Using what we've covered so far, find the average flipper length in each year (regardless of any other grouping variable).
:::
## Grouping Cautionary Note
`group_by` can be extremely useful in summarizing a dataframe or creating a new column without losing rows but you need to be careful. Objects created with `group_by` "remember" their groups until you change the groups or use the function `ungroup` from `dplyr`.
Look at how the output of a grouped data object tells you the number of groups in the output (see beneath this code chunk).
```{r group_by-grouping, message = F}
penguins %>%
dplyr::group_by(species, island) %>%
dplyr::summarize(penguins_count = dplyr::n())
```
This means that all future uses of that pipe will continue to use the grouping established to create the "penguins_count" column. We can stop this by doing the same pipe, but adding `ungroup` after we're done using the grouping established by `group_by`.

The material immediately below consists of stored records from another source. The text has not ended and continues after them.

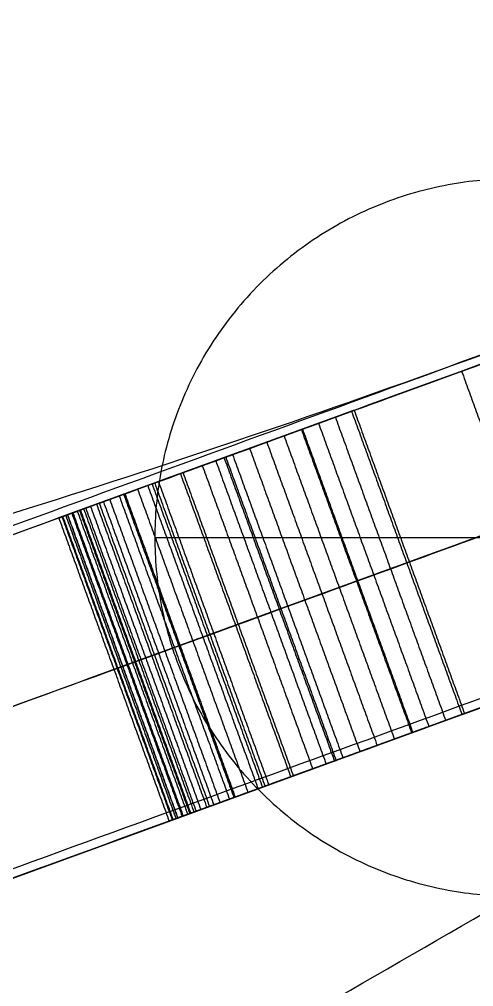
# Model space of a CAD drawing. Header units: millimetres. Extents: x -610 to 610, y -610 to 610.
# Drawn here: x 162.3 to 187.6, y -547.6 to -493.6 of the extents above; entities that cross this region are included whole.
import ezdxf

# ---------------------------------------------------------------- set-up
doc = ezdxf.new("R2010")
doc.units = ezdxf.units.MM
doc.layers.add('base', color=7, linetype='Continuous', true_color=0xffecbc)

msp = doc.modelspace()

# ---------------------------------------------------------------- linework, layer by layer
at = {"layer": 'base'}
for p, q in [((-25.715, -590.63, 122.966), (352.287, -453.048, 122.966)), ((-19.558, -607.544, 122.966), (358.444, -469.963, 122.966)), ((181.018, -515.385, 244.966), (181.018, -515.385, 190.199)), ((181.018, -515.385, 138.601), (181.018, -515.385, 0.966)), ((169.812, -522.506, -13.034), (188.312, -522.506, -13.034)), ((169.812, -522.506, -31.034), (188.312, -522.506, -31.034)), ((187.174, -532.3, 244.966), (187.174, -532.3, 190.199)), ((187.174, -532.3, 138.601), (187.174, -532.3, 0.966))]:
    msp.add_line(p, q, dxfattribs=at)
at = {"layer": 'base', "extrusion": (0, 0, -1)}
for centre, radius in [((0, 0, 3.534), 610), ((0, 0, 4.534), 610), ((0, 0, -2.476), 607.51), ((0, 0, 10.545), 607.51), ((0, 0, -4.966), 601.5), ((0, 0, 13.034), 601.5)]:
    msp.add_circle(centre, radius, dxfattribs=at)
at = {"layer": 'base'}
for centre, radius in [((0, 0, 249.466), 610), ((0, 0, 250.466), 610), ((0, 0, 243.455), 607.51), ((0, 0, 256.476), 607.51), ((0, 0, 240.966), 601.5), ((0, 0, 258.966), 601.5)]:
    msp.add_circle(centre, radius, dxfattribs=at)
for points, weights, degree, knots in [([(-495.198, -356.201, -4.034), (-851.399, 138.996, -4.034), (-356.201, 495.198, -4.034), (138.996, 851.399, -4.034), (495.198, 356.201, -4.034), (851.399, -138.996, -4.034), (356.201, -495.198, -4.034), (-138.996, -851.399, -4.034), (-495.198, -356.201, -4.034)], [1, 0.707106781187, 1, 0.707106781187, 1, 0.707106781187, 1, 0.707106781187, 1], 2, [0, 0, 0, 958.185759, 958.185759, 1916.371519, 1916.371519, 2874.557278, 2874.557278, 3832.743037, 3832.743037, 3832.743037]), ([(-610, 0, 249.966), (-610, -610, 249.966), (0, -610, 249.966), (610, -610, 249.966), (610, 0, 249.966), (610, 610, 249.966), (0, 610, 249.966), (-610, 610, 249.966), (-610, 0, 249.966)], [1, 0.707106781187, 1, 0.707106781187, 1, 0.707106781187, 1, 0.707106781187, 1], 2, [0, 0, 0, 958.185759, 958.185759, 1916.371519, 1916.371519, 2874.557278, 2874.557278, 3832.743037, 3832.743037, 3832.743037]), ([(32.649, -544.756, 240.966), (-510.363, -577.301, 240.966), (-544.649, -34.396, 240.966), (-578.935, 508.509, 240.966), (-36.142, 544.535, 240.966), (506.65, 580.562, 240.966), (544.417, 37.888, 240.966), (582.184, -504.785, 240.966), (39.634, -544.292, 240.966)], [1, 0.708239625255, 1, 0.708239625255, 1, 0.708239625255, 1, 0.708239625255, 1], 2, [654.018286, 654.018286, 654.018286, 1509.504571, 1509.504571, 2364.990855, 2364.990855, 3220.47714, 3220.47714, 4075.963425, 4075.963425, 4075.963425]), ([(32.649, -544.756, 244.966), (-510.363, -577.301, 244.966), (-544.649, -34.396, 244.966), (-578.935, 508.509, 244.966), (-36.142, 544.535, 244.966), (506.65, 580.562, 244.966), (544.417, 37.888, 244.966), (582.184, -504.785, 244.966), (39.634, -544.292, 244.966)], [1, 0.708239625255, 1, 0.708239625255, 1, 0.708239625255, 1, 0.708239625255, 1], 2, [654.018286, 654.018286, 654.018286, 1509.504571, 1509.504571, 2364.990855, 2364.990855, 3220.47714, 3220.47714, 4075.963425, 4075.963425, 4075.963425]), ([(32.649, -544.756, 242.966), (-510.363, -577.301, 242.966), (-544.649, -34.396, 242.966), (-578.935, 508.509, 242.966), (-36.142, 544.535, 242.966), (506.65, 580.562, 242.966), (544.417, 37.888, 242.966), (582.184, -504.785, 242.966), (39.634, -544.292, 242.966)], [1, 0.708239625255, 1, 0.708239625255, 1, 0.708239625255, 1, 0.708239625255, 1], 2, [654.018286, 654.018286, 654.018286, 1509.504571, 1509.504571, 2364.990855, 2364.990855, 3220.47714, 3220.47714, 4075.963425, 4075.963425, 4075.963425]), ([(189.812, -502.506, -13.034), (209.812, -502.506, -13.034), (209.812, -522.506, -13.034), (209.812, -542.506, -13.034), (189.812, -542.506, -13.034), (169.812, -542.506, -13.034), (169.812, -522.506, -13.034), (169.812, -502.506, -13.034), (189.812, -502.506, -13.034)], [1, 0.707106781187, 1, 0.707106781187, 1, 0.707106781187, 1, 0.707106781187, 1], 2, [0, 0, 0, 31.415927, 31.415927, 62.831853, 62.831853, 94.24778, 94.24778, 125.663706, 125.663706, 125.663706]), ([(189.812, -502.506, -31.034), (209.812, -502.506, -31.034), (209.812, -522.506, -31.034), (209.812, -542.506, -31.034), (189.812, -542.506, -31.034), (169.812, -542.506, -31.034), (169.812, -522.506, -31.034), (169.812, -502.506, -31.034), (189.812, -502.506, -31.034)], [1, 0.707106781187, 1, 0.707106781187, 1, 0.707106781187, 1, 0.707106781187, 1], 2, [0, 0, 0, 31.415927, 31.415927, 62.831853, 62.831853, 94.24778, 94.24778, 125.663706, 125.663706, 125.663706]), ([(189.812, -502.506, -22.034), (209.812, -502.506, -22.034), (209.812, -522.506, -22.034), (209.812, -542.506, -22.034), (189.812, -542.506, -22.034), (169.812, -542.506, -22.034), (169.812, -522.506, -22.034), (169.812, -502.506, -22.034), (189.812, -502.506, -22.034)], [1, 0.707106781187, 1, 0.707106781187, 1, 0.707106781187, 1, 0.707106781187, 1], 2, [0, 0, 0, 31.415927, 31.415927, 62.831853, 62.831853, 94.24778, 94.24778, 125.663706, 125.663706, 125.663706]), ([(180.934, -515.416, 138.544), (180.886, -515.433, 138.529), (180.838, -515.451, 138.514), (180.789, -515.469, 138.5), (180.491, -515.577, 138.412), (180.188, -515.687, 138.34), (179.883, -515.798, 138.284), (179.573, -515.911, 138.226), (179.261, -516.025, 138.185), (178.947, -516.139, 138.159), (178.628, -516.255, 138.132), (178.308, -516.372, 138.122), (177.988, -516.488, 138.128), (177.665, -516.606, 138.134), (177.343, -516.723, 138.155), (177.022, -516.84, 138.192), (176.699, -516.957, 138.228), (176.377, -517.074, 138.28), (176.058, -517.191, 138.345), (175.736, -517.308, 138.411), (175.416, -517.424, 138.491), (175.1, -517.539, 138.584), (174.779, -517.656, 138.678), (174.462, -517.771, 138.786), (174.15, -517.885, 138.905), (173.832, -518.001, 139.027), (173.519, -518.115, 139.162), (173.211, -518.227, 139.308), (172.579, -518.457, 139.608), (171.968, -518.679, 139.959), (171.384, -518.892, 140.354), (170.779, -519.112, 140.764), (170.201, -519.322, 141.222), (169.659, -519.52, 141.721), (169.093, -519.726, 142.243), (168.564, -519.918, 142.81), (168.079, -520.095, 143.416), (167.573, -520.279, 144.048), (167.114, -520.446, 144.723), (166.707, -520.594, 145.432), (166.282, -520.749, 146.173), (165.915, -520.883, 146.951), (165.607, -520.994, 147.754), (165.448, -521.052, 148.171), (165.305, -521.105, 148.595), (165.178, -521.151, 149.025), (165.047, -521.198, 149.466), (164.934, -521.239, 149.912), (164.838, -521.274, 150.363), (164.637, -521.348, 151.305), (164.51, -521.394, 152.264), (164.452, -521.415, 153.227), (164.378, -521.442, 154.47), (164.883, -521.258, 155.593), (165.839, -520.91, 156.31)], [1, 1, 1, 1, 1, 1, 1, 1, 1, 1, 1, 1, 1, 1, 1, 1, 1, 1, 1, 1, 1, 1, 1, 1, 1, 1, 1, 1, 1, 1, 1, 1, 1, 1, 1, 1, 1, 1, 1, 1, 1, 1, 1, 1, 1, 1, 1, 1, 1, 1, 1, 1, 0.915105733995, 0.915105733995, 1], 3, [1906.864799, 1906.864799, 1906.864799, 1906.864799, 1907.024916, 1907.024916, 1907.024916, 1908.013528, 1908.013528, 1908.013528, 1909.01806, 1909.01806, 1909.01806, 1910.039247, 1910.039247, 1910.039247, 1911.06999, 1911.06999, 1911.06999, 1912.107195, 1912.107195, 1912.107195, 1913.154889, 1913.154889, 1913.154889, 1914.216163, 1914.216163, 1914.216163, 1915.293393, 1915.293393, 1915.293393, 1917.502757, 1917.502757, 1917.502757, 1919.794297, 1919.794297, 1919.794297, 1922.183385, 1922.183385, 1922.183385, 1924.675663, 1924.675663, 1924.675663, 1927.278617, 1927.278617, 1927.278617, 1928.629144, 1928.629144, 1928.629144, 1930.015957, 1930.015957, 1930.015957, 1932.912329, 1932.912329, 1932.912329, 1936.48356, 1936.48356, 1936.48356, 1936.48356]), ([(184.012, -523.873, 138.544), (183.964, -523.891, 138.529), (183.916, -523.908, 138.514), (183.868, -523.926, 138.5), (183.569, -524.034, 138.412), (183.266, -524.145, 138.34), (182.961, -524.256, 138.284), (182.651, -524.368, 138.226), (182.339, -524.482, 138.185), (182.025, -524.596, 138.159), (181.706, -524.712, 138.132), (181.386, -524.829, 138.122), (181.066, -524.945, 138.128), (180.743, -525.063, 138.134), (180.421, -525.18, 138.155), (180.1, -525.297, 138.192), (179.777, -525.415, 138.228), (179.455, -525.532, 138.28), (179.136, -525.648, 138.345), (178.814, -525.765, 138.411), (178.494, -525.881, 138.491), (178.178, -525.997, 138.584), (177.857, -526.113, 138.678), (177.541, -526.229, 138.786), (177.228, -526.342, 138.905), (176.91, -526.458, 139.027), (176.597, -526.572, 139.162), (176.289, -526.684, 139.308), (175.657, -526.914, 139.608), (175.047, -527.136, 139.959), (174.462, -527.349, 140.354), (173.857, -527.569, 140.764), (173.28, -527.779, 141.222), (172.737, -527.977, 141.721), (172.171, -528.183, 142.243), (171.643, -528.375, 142.81), (171.157, -528.552, 143.416), (170.651, -528.736, 144.048), (170.192, -528.903, 144.723), (169.785, -529.051, 145.432), (169.36, -529.206, 146.173), (168.993, -529.34, 146.951), (168.685, -529.452, 147.754), (168.526, -529.51, 148.171), (168.383, -529.562, 148.595), (168.256, -529.608, 149.025), (168.125, -529.655, 149.466), (168.012, -529.697, 149.912), (167.916, -529.732, 150.363), (167.715, -529.805, 151.305), (167.588, -529.851, 152.264), (167.53, -529.872, 153.227), (167.456, -529.899, 154.47), (167.961, -529.715, 155.593), (168.917, -529.367, 156.31)], [1, 1, 1, 1, 1, 1, 1, 1, 1, 1, 1, 1, 1, 1, 1, 1, 1, 1, 1, 1, 1, 1, 1, 1, 1, 1, 1, 1, 1, 1, 1, 1, 1, 1, 1, 1, 1, 1, 1, 1, 1, 1, 1, 1, 1, 1, 1, 1, 1, 1, 1, 1, 0.915105733995, 0.915105733995, 1], 3, [1906.864799, 1906.864799, 1906.864799, 1906.864799, 1907.024916, 1907.024916, 1907.024916, 1908.013528, 1908.013528, 1908.013528, 1909.01806, 1909.01806, 1909.01806, 1910.039247, 1910.039247, 1910.039247, 1911.06999, 1911.06999, 1911.06999, 1912.107195, 1912.107195, 1912.107195, 1913.154889, 1913.154889, 1913.154889, 1914.216163, 1914.216163, 1914.216163, 1915.293393, 1915.293393, 1915.293393, 1917.502757, 1917.502757, 1917.502757, 1919.794297, 1919.794297, 1919.794297, 1922.183385, 1922.183385, 1922.183385, 1924.675663, 1924.675663, 1924.675663, 1927.278617, 1927.278617, 1927.278617, 1928.629144, 1928.629144, 1928.629144, 1930.015957, 1930.015957, 1930.015957, 1932.912329, 1932.912329, 1932.912329, 1936.48356, 1936.48356, 1936.48356, 1936.48356]), ([(187.09, -532.33, 138.544), (187.042, -532.348, 138.529), (186.994, -532.365, 138.514), (186.946, -532.383, 138.5), (186.647, -532.492, 138.412), (186.345, -532.602, 138.34), (186.04, -532.713, 138.284), (185.73, -532.826, 138.226), (185.417, -532.939, 138.185), (185.103, -533.054, 138.159), (184.784, -533.17, 138.132), (184.464, -533.286, 138.122), (184.144, -533.403, 138.128), (183.822, -533.52, 138.134), (183.499, -533.637, 138.155), (183.178, -533.754, 138.192), (182.855, -533.872, 138.228), (182.534, -533.989, 138.28), (182.214, -534.105, 138.345), (181.892, -534.222, 138.411), (181.572, -534.339, 138.491), (181.256, -534.454, 138.584), (180.936, -534.57, 138.678), (180.619, -534.686, 138.786), (180.306, -534.8, 138.905), (179.988, -534.915, 139.027), (179.675, -535.029, 139.162), (179.367, -535.141, 139.308), (178.735, -535.371, 139.608), (178.125, -535.594, 139.959), (177.541, -535.806, 140.354), (176.935, -536.027, 140.764), (176.358, -536.237, 141.222), (175.815, -536.434, 141.721), (175.249, -536.64, 142.243), (174.721, -536.833, 142.81), (174.235, -537.009, 143.416), (173.729, -537.193, 144.048), (173.27, -537.36, 144.723), (172.863, -537.509, 145.432), (172.439, -537.663, 146.173), (172.071, -537.797, 146.951), (171.764, -537.909, 147.754), (171.604, -537.967, 148.171), (171.461, -538.019, 148.595), (171.334, -538.065, 149.025), (171.204, -538.113, 149.466), (171.09, -538.154, 149.912), (170.994, -538.189, 150.363), (170.793, -538.262, 151.305), (170.666, -538.308, 152.264), (170.609, -538.329, 153.227), (170.534, -538.356, 154.47), (171.039, -538.172, 155.593), (171.996, -537.824, 156.31)], [1, 1, 1, 1, 1, 1, 1, 1, 1, 1, 1, 1, 1, 1, 1, 1, 1, 1, 1, 1, 1, 1, 1, 1, 1, 1, 1, 1, 1, 1, 1, 1, 1, 1, 1, 1, 1, 1, 1, 1, 1, 1, 1, 1, 1, 1, 1, 1, 1, 1, 1, 1, 0.915105733995, 0.915105733995, 1], 3, [1906.864799, 1906.864799, 1906.864799, 1906.864799, 1907.024916, 1907.024916, 1907.024916, 1908.013528, 1908.013528, 1908.013528, 1909.01806, 1909.01806, 1909.01806, 1910.039247, 1910.039247, 1910.039247, 1911.06999, 1911.06999, 1911.06999, 1912.107195, 1912.107195, 1912.107195, 1913.154889, 1913.154889, 1913.154889, 1914.216163, 1914.216163, 1914.216163, 1915.293393, 1915.293393, 1915.293393, 1917.502757, 1917.502757, 1917.502757, 1919.794297, 1919.794297, 1919.794297, 1922.183385, 1922.183385, 1922.183385, 1924.675663, 1924.675663, 1924.675663, 1927.278617, 1927.278617, 1927.278617, 1928.629144, 1928.629144, 1928.629144, 1930.015957, 1930.015957, 1930.015957, 1932.912329, 1932.912329, 1932.912329, 1936.48356, 1936.48356, 1936.48356, 1936.48356])]:
    msp.add_rational_spline(points, weights, degree=degree, knots=knots, dxfattribs=at)
for points, degree in [([(106.565, -590.573, 240.966), (282.367, -489.074, 240.966), (458.169, -387.574, 240.966)], 2), ([(106.565, -590.573, 244.966), (282.367, -489.074, 244.966), (458.169, -387.574, 244.966)], 2), ([(106.565, -590.573, 242.966), (282.367, -489.074, 242.966), (458.169, -387.574, 242.966)], 2), ([(0, -580.758, 4.966), (186.652, -512.822, 4.966), (373.304, -444.886, 4.966)], 2), ([(0, -580.758, 0.966), (186.652, -512.822, 0.966), (373.304, -444.886, 0.966)], 2), ([(0, -580.758, 2.966), (186.652, -512.822, 2.966), (373.304, -444.886, 2.966)], 2), ([(9.748, -577.722, 0.966), (186.929, -513.234, 0.966), (364.109, -448.745, 0.966)], 2), ([(352.287, -453.048, 244.966), (168.139, -520.073, 244.966), (-16.009, -587.097, 244.966)], 2), ([(12.827, -586.18, 0.966), (190.007, -521.691, 0.966), (367.188, -457.203, 0.966)], 2), ([(383.564, -460.307, 4.966), (192.808, -529.736, 4.966), (2.052, -599.166, 4.966)], 2), ([(383.564, -460.307, 0.966), (192.808, -529.736, 0.966), (2.052, -599.166, 0.966)], 2), ([(383.564, -460.307, 2.966), (192.808, -529.736, 2.966), (2.052, -599.166, 2.966)], 2), ([(355.365, -461.506, 244.966), (171.217, -528.53, 244.966), (-12.931, -595.555, 244.966)], 2), ([(15.905, -594.637, 0.966), (193.085, -530.148, 0.966), (370.266, -465.66, 0.966)], 2), ([(358.444, -469.963, 244.966), (174.295, -536.987, 244.966), (-9.853, -604.012, 244.966)], 2), ([(205.167, -506.596, 155.228), (197.089, -509.536, 149.666), (189.012, -512.476, 144.105), (180.934, -515.416, 138.544)], 3), ([(168.071, -520.098, 182.097), (174.723, -517.677, 186.26), (181.375, -515.255, 190.422), (188.027, -512.834, 194.585)], 3), ([(186.652, -512.822, 4.966), (186.652, -512.822, 2.966), (186.652, -512.822, 0.966)], 2), ([(186.929, -513.234, 0.966), (190.007, -521.691, 0.966), (193.085, -530.148, 0.966)], 2), ([(208.245, -515.053, 155.228), (200.167, -517.993, 149.666), (192.09, -520.933, 144.105), (184.012, -523.873, 138.544)], 3), ([(179.883, -515.798, 138.284), (182.961, -524.256, 138.284), (186.04, -532.713, 138.284)], 2), ([(180.789, -515.469, 138.5), (183.868, -523.926, 138.5), (186.946, -532.383, 138.5)], 2), ([(180.934, -515.416, 138.544), (184.012, -523.873, 138.544), (187.09, -532.33, 138.544)], 2), ([(178.947, -516.139, 138.159), (182.025, -524.596, 138.159), (185.103, -533.054, 138.159)], 2), ([(177.022, -516.84, 138.192), (180.1, -525.297, 138.192), (183.178, -533.754, 138.192)], 2), ([(177.988, -516.488, 138.128), (181.066, -524.945, 138.128), (184.144, -533.403, 138.128)], 2), ([(178.049, -516.466, 188.341), (181.127, -524.923, 188.341), (184.205, -533.38, 188.341)], 2), ([(176.058, -517.191, 138.345), (179.136, -525.648, 138.345), (182.214, -534.105, 138.345)], 2), ([(174.15, -517.885, 138.905), (177.228, -526.342, 138.905), (180.306, -534.8, 138.905)], 2), ([(175.1, -517.539, 138.584), (178.178, -525.997, 138.584), (181.256, -534.454, 138.584)], 2), ([(165.839, -520.91, 156.31), (168.482, -519.948, 157.934), (171.124, -518.986, 159.558), (173.767, -518.024, 161.181)], 3), ([(172.461, -518.5, 161.646), (175.54, -526.957, 161.646), (178.618, -535.414, 161.646)], 2), ([(173.211, -518.227, 139.308), (176.289, -526.684, 139.308), (179.367, -535.141, 139.308)], 2), ([(173.676, -518.058, 161.212), (176.754, -526.515, 161.212), (179.832, -534.972, 161.212)], 2), ([(173.767, -518.024, 161.181), (176.845, -526.482, 161.181), (179.923, -534.939, 161.181)], 2), ([(171.238, -518.945, 162.148), (174.316, -527.402, 162.148), (177.395, -535.859, 162.148)], 2), ([(171.384, -518.892, 140.354), (174.462, -527.349, 140.354), (177.541, -535.806, 140.354)], 2), ([(169.659, -519.52, 141.721), (172.737, -527.977, 141.721), (175.815, -536.434, 141.721)], 2), ([(169.803, -519.467, 158.746), (172.881, -527.924, 158.746), (175.959, -536.382, 158.746)], 2), ([(170.014, -519.391, 162.768), (173.092, -527.848, 162.768), (176.17, -536.305, 162.768)], 2), ([(168.071, -520.098, 182.097), (171.149, -528.555, 182.097), (174.227, -537.012, 182.097)], 2), ([(168.079, -520.095, 143.416), (171.157, -528.552, 143.416), (174.235, -537.009, 143.416)], 2), ([(168.139, -520.073, 244.966), (171.217, -528.53, 244.966), (174.295, -536.987, 244.966)], 2), ([(168.85, -519.814, 163.539), (171.928, -528.271, 163.539), (175.006, -536.729, 163.539)], 2), ([(169.416, -519.608, 163.138), (172.494, -528.065, 163.138), (175.572, -536.523, 163.138)], 2), ([(166.557, -520.649, 180.303), (169.635, -529.106, 180.303), (172.713, -537.563, 180.303)], 2), ([(166.707, -520.594, 145.432), (169.785, -529.051, 145.432), (172.863, -537.509, 145.432)], 2), ([(166.944, -520.508, 165.435), (170.022, -528.965, 165.435), (173.1, -537.422, 165.435)], 2), ([(167.292, -520.381, 181.285), (170.37, -528.838, 181.285), (173.449, -537.296, 181.285)], 2), ([(167.822, -520.188, 164.435), (170.9, -528.645, 164.435), (173.979, -537.103, 164.435)], 2), ([(165.178, -521.151, 149.025), (168.256, -529.608, 149.025), (171.334, -538.065, 149.025)], 2), ([(165.205, -521.141, 177.351), (168.283, -529.598, 177.351), (171.361, -538.055, 177.351)], 2), ([(165.235, -521.13, 168.785), (168.313, -529.587, 168.785), (171.391, -538.044, 168.785)], 2), ([(165.485, -521.039, 178.185), (168.563, -529.496, 178.185), (171.641, -537.953, 178.185)], 2), ([(165.607, -520.994, 147.754), (168.685, -529.452, 147.754), (171.764, -537.909, 147.754)], 2), ([(165.656, -520.976, 167.64), (168.735, -529.434, 167.64), (171.813, -537.891, 167.64)], 2), ([(165.839, -520.91, 156.31), (168.917, -529.367, 156.31), (171.996, -537.824, 156.31)], 2), ([(165.956, -520.867, 179.261), (169.035, -529.324, 179.261), (172.113, -537.782, 179.261)], 2), ([(166.223, -520.77, 166.514), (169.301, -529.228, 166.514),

```{r ungroup, message = F}
penguins %>%
dplyr::group_by(species, island) %>%
dplyr::summarize(penguins_count = dplyr::n()) %>%
dplyr::ungroup()
```
See? We calculated with our desired groups but then dropped the grouping structure once we were finished with them. Note also that if you use `group_by` and do some calculation then re-group by something else by using `group_by` *again*, the second use of `group_by` **will not be affected** by the first. This means that you only need one `ungroup` per pipe.